Tom Shelton-Lefley | 20 June 2023 at 14:02 UTC
There’s a running joke on the scanner development team; for the longest time I had net negative lines of code added to the Burp Suite codebase, and everyone’s convinced that I’m trying to regain that accolade.
As you can see, I’m not far off. And over the last month or so, you’d certainly be forgiven for thinking that I was doing everything I could to earn back my crown. I have done nothing but delete code for three weeks.
Burp Scanner’s crawler is full of complexity, perhaps too much complexity (definitely too much, that’s what I’m building up to here). However, up until now, it’s been our own secret, dirty, hidden complexity. No one had to understand exactly what was going on under the hood except us.
With the crawl paths view that’s all changed. To quote teammate Dave: “our can is open and our worms are all over the table”. For the first time, you can now see the graph Burp Scanner is building up of your target application whilst it’s crawling, and so for the first time that graph has to actually be readable.
Let’s look at a concrete example of something I’ve recently taken my scythe to: merges.
As Burp Scanner is crawling around, it’s taking an abstract view at each location (web page) it finds, and comparing this against all previous locations to see if it’s been there before. In this way it constructs a directed graph of locations and edges (clicks, form submissions, etc.) between them. However, this abstract location view can change over time if notable features (anchor links, click handlers, etc.) aren’t completely stable with every visit, and as a result we can end up retroactively deciding that two locations were the same. This is what we call called a merge.
When a merge happened, it could trigger whole sections of the graph to collapse together. If two locations are the same, all of their edges must be the same. And if all of those edges are the same, then all of the locations those edges lead to must be the same. And if all of those locations are the same, then all of their edges must be the same. Et cetera, et cetera, you get the idea.
Merging existed as an optimization to make the crawler graph as small as possible, reducing the number of locations to explore, and the number of edges to audit. Without it, we can end up with identical, redundant subgraphs.
So why did we (I didn’t go rogue) decide to remove this behavior? It boils down to three reasons:
Working out whether two subgraphs are the same, formally graph homomorphism, is really hard. NP-hard, in fact. This meant that the code written to implement it was hard to read, and harder to maintain.
That’s not to say the code was bad, not at all. It’s just that it added lots of hoops that any new code would have to jump through to work with it. In Java terms, there were many interface methods on our location and edge related classes - core classes that naturally get changed a lot - that had fiddly implementations and only existed so that they could be called in the merging algorithm. Ultra-specific methods like these are always a pain to work with because they often (and in this case, definitely did) end up dragging in obscure dependencies and obfuscating what the core class actually does.
This elephant right in the middle of our room also had to be addressed with every new member of the team, as they’d definitely have to squeeze around it at some point. There’s an ancient development proverb that states: “it’s harder to read code than it is to write it”. I can confirm that it’s harder still to explain it to a group of horrified onlookers on a whiteboard.

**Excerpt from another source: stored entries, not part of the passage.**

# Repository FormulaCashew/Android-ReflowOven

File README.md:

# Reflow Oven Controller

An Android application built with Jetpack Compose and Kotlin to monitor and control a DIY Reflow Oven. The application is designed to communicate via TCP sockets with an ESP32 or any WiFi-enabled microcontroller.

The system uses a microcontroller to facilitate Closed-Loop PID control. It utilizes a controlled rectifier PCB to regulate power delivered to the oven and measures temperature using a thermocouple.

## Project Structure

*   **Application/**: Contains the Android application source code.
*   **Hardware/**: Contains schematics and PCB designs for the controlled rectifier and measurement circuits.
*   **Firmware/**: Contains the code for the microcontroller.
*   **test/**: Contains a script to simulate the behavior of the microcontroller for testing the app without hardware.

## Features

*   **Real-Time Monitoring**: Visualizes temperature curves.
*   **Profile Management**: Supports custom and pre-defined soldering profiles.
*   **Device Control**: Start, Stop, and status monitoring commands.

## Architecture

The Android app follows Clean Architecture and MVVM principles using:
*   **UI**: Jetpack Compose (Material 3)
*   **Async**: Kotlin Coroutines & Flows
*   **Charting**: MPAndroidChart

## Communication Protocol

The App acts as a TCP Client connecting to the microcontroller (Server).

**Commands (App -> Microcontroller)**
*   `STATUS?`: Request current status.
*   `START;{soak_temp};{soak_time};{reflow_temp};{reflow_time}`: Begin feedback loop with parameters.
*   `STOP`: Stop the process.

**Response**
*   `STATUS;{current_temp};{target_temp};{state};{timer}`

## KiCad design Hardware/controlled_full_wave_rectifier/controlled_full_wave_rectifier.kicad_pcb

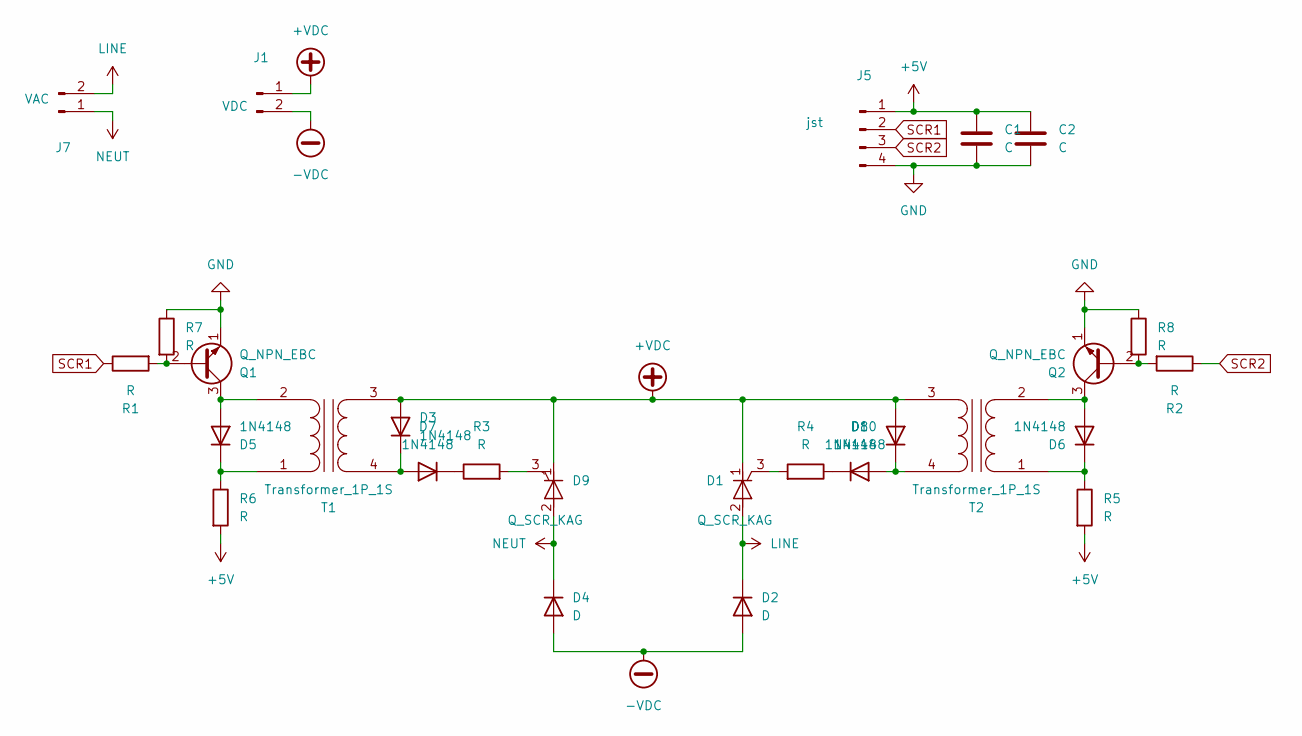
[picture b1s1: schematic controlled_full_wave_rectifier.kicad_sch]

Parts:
C1, C2: C; C_Disc_D4.3mm_W1.9mm_P5.00mm
D1, D9: Q_SCR_KAG; TO-220-3_Vertical
D2, D4: D; TO-220-2_Vertical
D3, D5, D6, D7, D8, D10: 1N4148; D_DO-35_SOD27_P7.62mm_Horizontal
J1: VDC; PhoenixContact_MCV_1,5_2-G-5.08_1x02_P5.08mm_Vertical
J5: jst; Molex_KK-254_AE-6410-04A_1x04_P2.54mm_Vertical
J7: VAC; PhoenixContact_MCV_1,5_2-G-5.08_1x02_P5.08mm_Vertical
Q1, Q2: Q_NPN_EBC; TO-92
R1, R2, R3, R4, R5, R6, R7, R8: R; R_Axial_DIN0207_L6.3mm_D2.5mm_P7.62mm_Horizontal
T1, T2: Transformer_1P_1S; Transformer_Toroid_Horizontal_D14.0mm_Amidon-T50

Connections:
+5V: C1.1, C2.1, J5.1, R5.2, R6.2
+VDC: D1.1 (K), D3.2 (A), D9.1 (K), D10.2 (A), J1.1, T1.3 (SA), T2.3 (SA)
-VDC: D2.2 (A), D4.2 (A), J1.2
GND: C1.2, C2.2, J5.4, Q1.1 (E), Q2.1 (E), R7.1, R8.1
LINE: D1.2 (A), D2.1 (K), J7.2
NEUT: D4.1 (K), D9.2 (A), J7.1
unnamed: D1.3 (G), R4.2
unnamed: D3.1 (K), D7.2 (A), T1.4 (SB)
unnamed: D5.2 (A), Q1.3 (C), T1.2 (AB)
unnamed: D5.1 (K), R6.1, T1.1 (AA)
unnamed: D6.2 (A), Q2.3 (C), T2.2 (AB)
unnamed: D6.1 (K), R5.1, T2.1 (AA)
unnamed: D7.1 (K), R3.1
unnamed: D8.1 (K), R4.1
unnamed: D9.3 (G), R3.2
unnamed: D8.2 (A), D10.1 (K), T2.4 (SB)
unnamed: Q1.2 (B), R1.2, R7.2
unnamed: Q2.2 (B), R2.2, R8.2
SCR1: J5.2, R1.1
SCR2: J5.3, R2.1

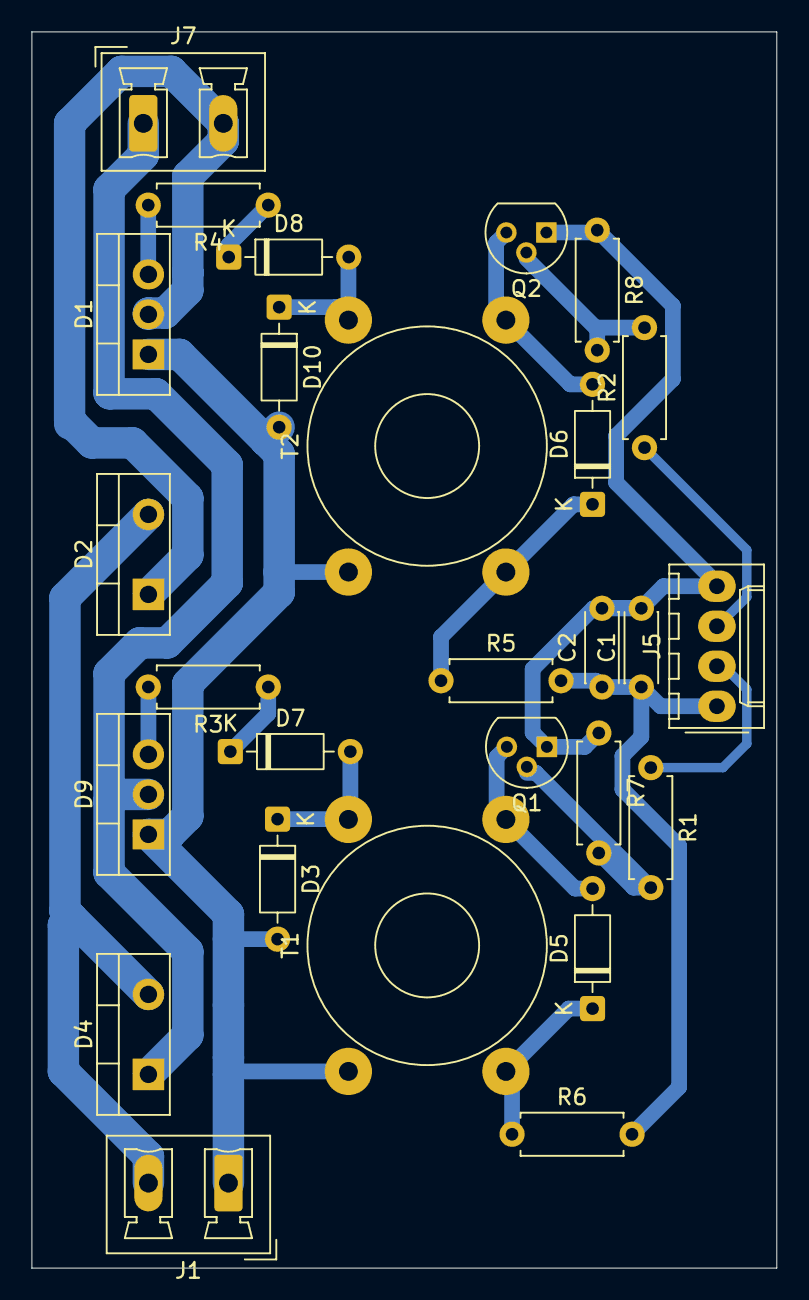
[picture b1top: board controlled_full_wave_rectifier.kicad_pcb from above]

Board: 2 copper layers, 47.3 x 78.5 mm, 27 parts (0 on the bottom side), 20 nets.

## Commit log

2025-11-11 ActaConstitucion
2025-11-11 Cronograma
2025-12-08 initial app commit
2025-12-08 Added class for showing a data chart
2025-12-08 Updated code to include data chart to graph data
2025-12-08 Updated code structure
2025-12-08 Add test dependencies
2025-12-08 Added tests
2025-12-08 Firmware ESP32
2025-12-08 Add README
2025-12-08 Renamed folders
2025-12-09 Changed file structure
2025-12-09 Add gitignore for files generated when compiling
2025-12-10 ReporteV1
2025-12-10 Added info about the callback hierarchy when some buttons are pressed and some info about the comms protocol
2025-12-10 final report part
2025-12-10 Added pdf report

The development overhead this code constantly contributed wasn’t reason enough alone to delete it - otherwise we would have done so a long time ago - but it was definitely a factor.
The second factor was the premise I lead this post with - crawler behavior was soon going to be visible, and that meant it had to be understandable.
Because merging involved deleting locations and rerouting edges, it had the potential to pull the rug out from under any users who were in the wrong place at the wrong time.
Let’s say you have the crawl paths tab open, and a location selected. If that location gets merged away, what happens to your view? Does it go back to an unselected state? Does the other location involved in the merge get selected instead? Neither of these are particularly intuitive, and because something has been removed (rather than added) there’s also nowhere to attach any explanation for what’s just happened.
This is going to be a recurring theme for us as a team now going forward. It’s important that the crawler behavior continues to be innovative, functional, and optimal. But it’s now just as important that it’s understandable and predictable.
Finally, and arguably most importantly, when we looked at statistics it turned out that 96% of crawls over the last year had 0 merges, and 99% had 5 or fewer (when you turn on performance feedback, it really does aid our development!).
If this hadn’t been the case and merges were very prevalent, it would have been much harder to justify removing them: merging is an optimization, so its necessity is directly linked to its frequency.
It’s these three principles that we’ve been applying to many of the different crawler functions and behaviors, and how we’ve been choosing what to set me loose on: if it does not spark joy for developers, users, or performance … then it can go.
A tidier codebase should also make new crawler changes easier, and faster, to implement. If not then it’s fine because I’ve had a ton of fun doing it. However, there’s at least one new feature (that we’re not quite ready to talk about yet) that’s been made possible by reducing dependencies - something we’ve wanted to do for a long time and we’re very excited about!